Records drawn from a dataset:

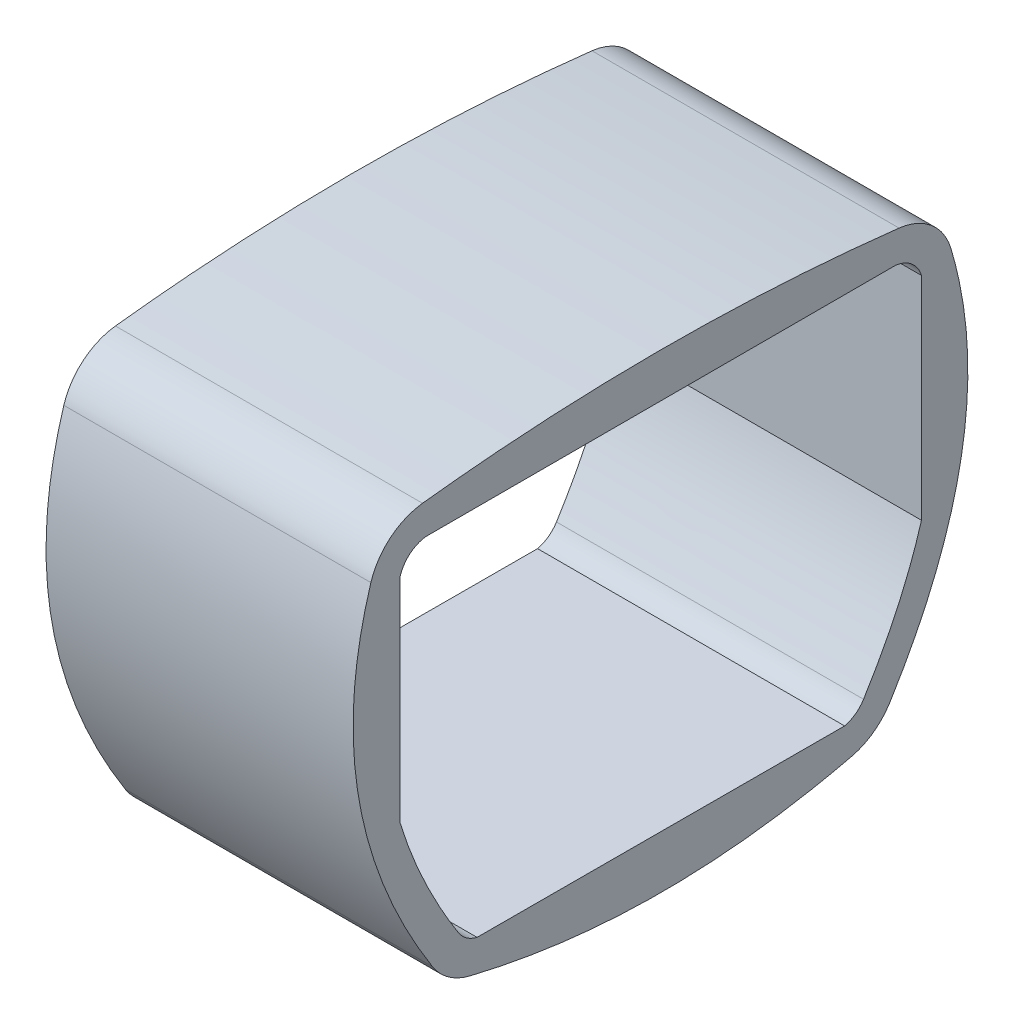
SolidWorks part; units mm, degrees
ref_plane "Front Plane" through (0, 0, 0) normal (0, 0, 1) x (1, 0, 0)
ref_plane "Top Plane" through (0, 0, 0) normal (0, 1, 0) x (1, 0, 0)
ref_plane "Right Plane" through (0, 0, 0) normal (1, 0, 0) x (0, 0, -1)
sketch "Sketch7" plane through (0, 0, 0) normal (0, 0, 1) x (1, 0, 0)
  line L0 (-53.1389, 136.7433) -> (-53.1389, -30.8967)
  line L2 (73.8611, -30.8967) -> (73.8611, 136.7433)
  spline S0 degree 2 poles (-53.1389, -30.8967) (10.3808, -42.9091) (73.8611, -30.8967) knots 0 0 0 1 1 1
  spline S1 degree 2 poles (-53.1389, 136.7433) (10.3648, 141.9324) (73.8611, 136.7433) knots 0 0 0 1 1 1
  dimension "D1" = 127
  dimension "D2" = 167.64
sketch "Sketch8" plane through (0, 0, 0) normal (1, 0, 0) x (0, 0, -1)
  spline S0 degree 2 poles (-89.5173, -36.7354) (-0.6341, -60.9752) (88.2824, -37.028) knots 0 0 0 1 1 1
  spline S1 degree 2 poles (-114.9014, 137.8778) (-0.596, 153.1681) (113.6986, 137.8778) knots 0 0 0 1 1 1
  spline S2 degree 2 poles (113.6986, 137.8778) (148.206, 51.8147) (88.2824, -37.028) knots 0 0 0 1 1 1
  spline S3 degree 2 poles (-114.9014, 137.8778) (-150.3079, 52.1414) (-89.5173, -36.7354) knots 0 0 0 1 1 1
  dimension "D1" = 177.8
  dimension "D2" = 228.6
extrude "Boss-Extrude8" add sketch "Sketch8" along normal blind 127
fillet "Fillet4" radius 25.4 3 edges at (63.5, 137.8778, 114.9014)
fillet "Fillet5" radius 25.4 3 edges at (63.5, -36.7354, 89.5173)
fillet "Fillet6" radius 25.4 3 edges at (63.5, -37.028, -88.2824)
fillet "Fillet7" radius 25.4 3 edges at (63.5, 137.8778, -113.6986)
sketch "Sketch11" plane through (127, 0, 0) normal (1, 0, 0) x (0, 0, -1)
  line L0 (-97.7845, 127.2129) -> (96.4046, 127.2335)
  line L1 (107.121, 118.2463) -> (107.121, 30.5559)
  line L2 (-108.4626, 118.3439) -> (-108.4626, 29.8571)
  line L3 (-76.6906, -26.9275) -> (75.3429, -27.2138)
  arc A8 (107.121, 118.2463) -> (96.4046, 127.2335) centre (94.9507, 114.617) ccw
  arc A9 (-97.7845, 127.2129) -> (-108.4626, 118.3439) centre (-96.328, 114.5967) ccw
  arc A10 (-84.4264, -21.3774) -> (-76.6906, -26.9275) centre (-73.6949, -14.5858) ccw
  arc A11 (75.3429, -27.2138) -> (83.1705, -21.5781) centre (72.392, -14.8613) ccw
  arc A12 (107.121, 118.2463) -> (96.4046, 127.2335) centre (94.9507, 114.617) ccw
  arc A13 (-97.7845, 127.2129) -> (-108.4626, 118.3439) centre (-96.328, 114.5967) ccw
  arc A14 (-84.4264, -21.3774) -> (-76.6906, -26.9275) centre (-73.6949, -14.5858) ccw
  arc A15 (75.3429, -27.2138) -> (83.1705, -21.5781) centre (72.392, -14.8613) ccw
  spline S0 degree 3 poles (3016.3397, -2430.2064) (-1176.0345, -323.8831) (-87.3184, -348.1827) (95.101, -0.3263) (97.6974, 5.1425) (102.3834, 16.2845) (104.4731, 21.9577) (108.0738, 33.5376) (109.5849, 39.4443) (111.0557, 46.9962) (111.3293, 48.5175) (111.8297, 51.5571) (112.5114, 56.117) (112.9856, 60.6783) (113.6548, 69.8028) (113.7286, 75.8884) (113.2726, 85.0206) (112.9029, 89.5877) (112.3194, 94.1562) (111.8829, 97.2023) (111.6404, 98.7272) (39.5826, 511.4478) (-1700.6375, 534.9278) (3214.6943, 2105.0686) knots -7.834602 -7.834602 -7.834602 -7.834602 0.125 0.125 0.25 0.25 0.375 0.375 0.5 0.5 0.53125 0.53125 0.5625 0.625 0.625 0.75 0.75 0.8125 0.84375 0.84375 0.875 0.875 9.325801 9.325801 9.325801 9.325801 only from (83.1705, -21.5781) to (107.121, 118.2463)
  spline S1 degree 3 poles (946.2167, -399.8496) (314.8412, 310.7085) (-316.459, 310.0101) (-947.684, -399.7252) knots -4.375923 -4.375923 -4.375923 -4.375923 5.376949 5.376949 5.376949 5.376949 only from (96.4046, 127.2335) to (-97.7845, 127.2129)
  spline S2 degree 3 poles (-1852.6531, 1961.4254) (3023.3853, 758.5654) (-84.2318, 626.9413) (-115.1754, 79.4308) (-115.2514, 76.3783) (-115.2077, 70.2473) (-115.0871, 67.1604) (-114.4385, 57.9836) (-112.8134, 45.9042) (-109.8009, 34.1102) (-107.0653, 25.3626) (-106.0739, 22.4627) (-103.9395, 16.6957) (-102.8033, 13.8468) (-99.2036, 5.3962) (-96.5496, -0.1099) (75.0181, -322.3244) (999.846, -259.4001) (-2907.575, -2623.3119) knots -10.94552 -10.94552 -10.94552 -10.94552 0.25 0.25 0.3125 0.3125 0.375 0.375 0.5 0.625 0.625 0.6875 0.6875 0.75 0.75 0.875 0.875 8.214175 8.214175 8.214175 8.214175 only from (-108.4626, 118.3439) to (-84.4264, -21.3774)
  spline S3 degree 3 poles (-716.0116, 742.0101) (-492.0584, 278.3662) (-257.5492, -35.51) (5.3956, -36.2455) (14.9614, -35.9833) (24.558, -35.2822) (30.9627, -34.7168) (34.1707, -34.3846) (319.3827, -0.5218) (538.2967, 403.2397) (778.1428, 684.1723) knots -4.540028 -4.540028 -4.540028 -4.540028 0.5 0.5 0.625 0.6875 0.6875 0.75 0.75 6.26429 6.26429 6.26429 6.26429 only from (-76.6906, -26.9275) to (75.3429, -27.2138)
  spline S4 degree 3 poles (83.1705, -21.5781) (86.4154, -16.371) (89.4601, -11.083) (95.101, -0.3263) (97.6974, 5.1425) (102.3834, 16.2845) (104.4731, 21.9577) (106.5635, 28.6807) (106.8461, 29.6168) (107.121, 30.5559) knots 0 0 0 0 0.125 0.125 0.25 0.25 0.375 0.375 0.395143 0.395143 0.395143 0.395143
  spline S6 degree 3 poles (-108.4626, 29.8571) (-108.3034, 29.3304) (-108.1416, 28.8042) (-107.0653, 25.3626) (-106.0739, 22.4627) (-103.9395, 16.6957) (-102.8033, 13.8468) (-99.2036, 5.3962) (-96.5496, -0.1099) (-90.8032, -10.9019) (-87.7107, -16.1878) (-84.4264, -21.3774) knots 0.613732 0.613732 0.613732 0.613732 0.625 0.625 0.6875 0.6875 0.75 0.75 0.875 0.875 1 1 1 1
  dimension "D1" = 12.7
extrude "Cut-Extrude3" cut sketch "Sketch11" against normal blind 127

## Exercise details
Please copy each line of the records above that holds the word "centre".

## Exercise output
  arc A8 (107.121, 118.2463) -> (96.4046, 127.2335) centre (94.9507, 114.617) ccw
  arc A9 (-97.7845, 127.2129) -> (-108.4626, 118.3439) centre (-96.328, 114.5967) ccw
  arc A10 (-84.4264, -21.3774) -> (-76.6906, -26.9275) centre (-73.6949, -14.5858) ccw
  arc A11 (75.3429, -27.2138) -> (83.1705, -21.5781) centre (72.392, -14.8613) ccw
  arc A12 (107.121, 118.2463) -> (96.4046, 127.2335) centre (94.9507, 114.617) ccw
  arc A13 (-97.7845, 127.2129) -> (-108.4626, 118.3439) centre (-96.328, 114.5967) ccw
  arc A14 (-84.4264, -21.3774) -> (-76.6906, -26.9275) centre (-73.6949, -14.5858) ccw
  arc A15 (75.3429, -27.2138) -> (83.1705, -21.5781) centre (72.392, -14.8613) ccw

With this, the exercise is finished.